Goal of the exercise: Only one portion of the data is to be written out: from the line bearing "#4068 = DIRECTION" through the line bearing "#8649 = VECTOR ( 'NONE', #6816, 39.37008 ) ;". Write it exactly as it appears.

Items listed in a dataset:
Start of Block
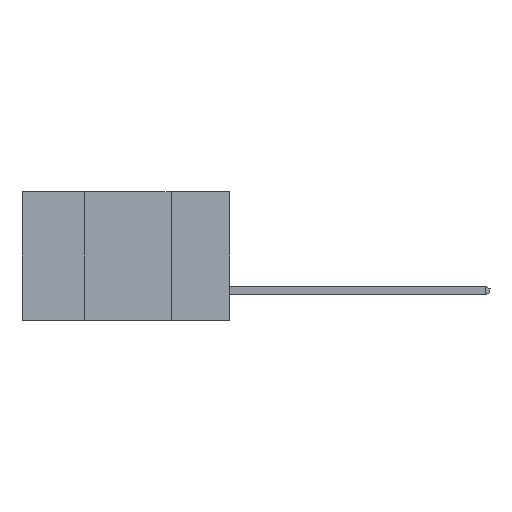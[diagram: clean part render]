
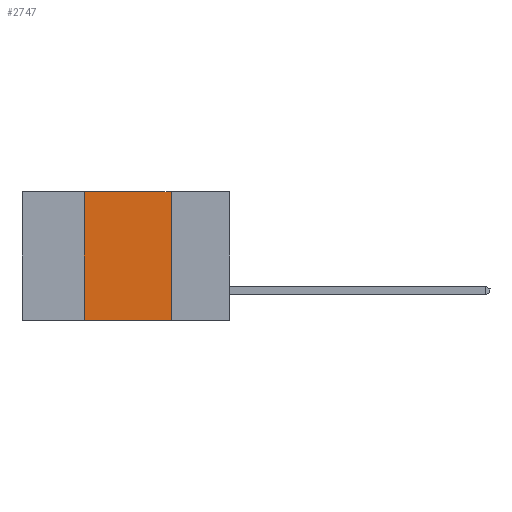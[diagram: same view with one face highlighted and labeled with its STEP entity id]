
A CAD part, left-side view. The second image highlights one B-rep face of the part: STEP entity #2747.
In plain terms, the highlighted planar face has unit normal (-1, 0, 0).
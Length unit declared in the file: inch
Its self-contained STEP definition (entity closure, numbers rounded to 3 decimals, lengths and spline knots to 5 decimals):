
#556 = VERTEX_POINT ( 'NONE', #6077 ) ;
#761 = LINE ( 'NONE', #2353, #8649 ) ;
#771 = FACE_OUTER_BOUND ( 'NONE', #9562, .T. ) ;
#1171 = EDGE_CURVE ( 'NONE', #4928, #556, #761, .T. ) ;
#2353 = CARTESIAN_POINT ( 'NONE',  ( 0., 0.17, -0.37 ) ) ;
#2747 = ADVANCED_FACE ( 'NONE', ( #771 ), #3155, .F. ) ;
#3155 = PLANE ( 'NONE',  #9072 ) ;
#3328 = DIRECTION ( 'NONE',  ( 1., 0., 0. ) ) ;
#3571 = EDGE_CURVE ( 'NONE', #3813, #556, #5699, .T. ) ;
#3813 = VERTEX_POINT ( 'NONE', #4528 ) ;
#3934 = VECTOR ( 'NONE', #4068, 39.37008 ) ;
#3955 = ORIENTED_EDGE ( 'NONE', *, *, #8096, .F. ) ;
#3992 = CARTESIAN_POINT ( 'NONE',  ( 0., 0.6, 0. ) ) ;
#4068 = DIRECTION ( 'NONE',  ( 0., -1., 0. ) ) ;
#4521 = ORIENTED_EDGE ( 'NONE', *, *, #3571, .T. ) ;
#4528 = CARTESIAN_POINT ( 'NONE',  ( 0., 0.42, -0.37 ) ) ;
#4608 = ORIENTED_EDGE ( 'NONE', *, *, #1171, .F. ) ;
#4841 = CARTESIAN_POINT ( 'NONE',  ( 0., 0.6, -0.37 ) ) ;
#4928 = VERTEX_POINT ( 'NONE', #7833 ) ;
#4933 = CARTESIAN_POINT ( 'NONE',  ( 0., 0.6, 0. ) ) ;
#5063 = CARTESIAN_POINT ( 'NONE',  ( 0., 0.42, -0.37 ) ) ;
#5173 = EDGE_CURVE ( 'NONE', #10015, #4928, #8486, .T. ) ;
#5699 = LINE ( 'NONE', #4841, #3934 ) ;
#5929 = DIRECTION ( 'NONE',  ( 0., 0., 1. ) ) ;
#6077 = CARTESIAN_POINT ( 'NONE',  ( 0., 0.17, -0.37 ) ) ;
#6816 = DIRECTION ( 'NONE',  ( 0., 0., -1. ) ) ;
#7803 = DIRECTION ( 'NONE',  ( 0., 0., -1. ) ) ;
#7833 = CARTESIAN_POINT ( 'NONE',  ( 0., 0.17, 0. ) ) ;
#7961 = CARTESIAN_POINT ( 'NONE',  ( 0., 0.42, 0. ) ) ;
#8096 = EDGE_CURVE ( 'NONE', #3813, #10015, #11258, .T. ) ;
#8486 = LINE ( 'NONE', #3992, #10591 ) ;
#8649 = VECTOR ( 'NONE', #6816, 39.37008 ) ;
#9072 = AXIS2_PLACEMENT_3D ( 'NONE', #4933, #3328, #7803 ) ;
#9562 = EDGE_LOOP ( 'NONE', ( #4608, #9984, #3955, #4521 ) ) ;
#9984 = ORIENTED_EDGE ( 'NONE', *, *, #5173, .F. ) ;
#10015 = VERTEX_POINT ( 'NONE', #7961 ) ;
#10591 = VECTOR ( 'NONE', #10704, 39.37008 ) ;
#10704 = DIRECTION ( 'NONE',  ( 0., -1., 0. ) ) ;
#11199 = VECTOR ( 'NONE', #5929, 39.37008 ) ;
#11258 = LINE ( 'NONE', #5063, #11199 ) ;
End of Block
Solution:
#4068 = DIRECTION ( 'NONE',  ( 0., -1., 0. ) ) ;
#4521 = ORIENTED_EDGE ( 'NONE', *, *, #3571, .T. ) ;
#4528 = CARTESIAN_POINT ( 'NONE',  ( 0., 0.42, -0.37 ) ) ;
#4608 = ORIENTED_EDGE ( 'NONE', *, *, #1171, .F. ) ;
#4841 = CARTESIAN_POINT ( 'NONE',  ( 0., 0.6, -0.37 ) ) ;
#4928 = VERTEX_POINT ( 'NONE', #7833 ) ;
#4933 = CARTESIAN_POINT ( 'NONE',  ( 0., 0.6, 0. ) ) ;
#5063 = CARTESIAN_POINT ( 'NONE',  ( 0., 0.42, -0.37 ) ) ;
#5173 = EDGE_CURVE ( 'NONE', #10015, #4928, #8486, .T. ) ;
#5699 = LINE ( 'NONE', #4841, #3934 ) ;
#5929 = DIRECTION ( 'NONE',  ( 0., 0., 1. ) ) ;
#6077 = CARTESIAN_POINT ( 'NONE',  ( 0., 0.17, -0.37 ) ) ;
#6816 = DIRECTION ( 'NONE',  ( 0., 0., -1. ) ) ;
#7803 = DIRECTION ( 'NONE',  ( 0., 0., -1. ) ) ;
#7833 = CARTESIAN_POINT ( 'NONE',  ( 0., 0.17, 0. ) ) ;
#7961 = CARTESIAN_POINT ( 'NONE',  ( 0., 0.42, 0. ) ) ;
#8096 = EDGE_CURVE ( 'NONE', #3813, #10015, #11258, .T. ) ;
#8486 = LINE ( 'NONE', #3992, #10591 ) ;
#8649 = VECTOR ( 'NONE', #6816, 39.37008 ) ;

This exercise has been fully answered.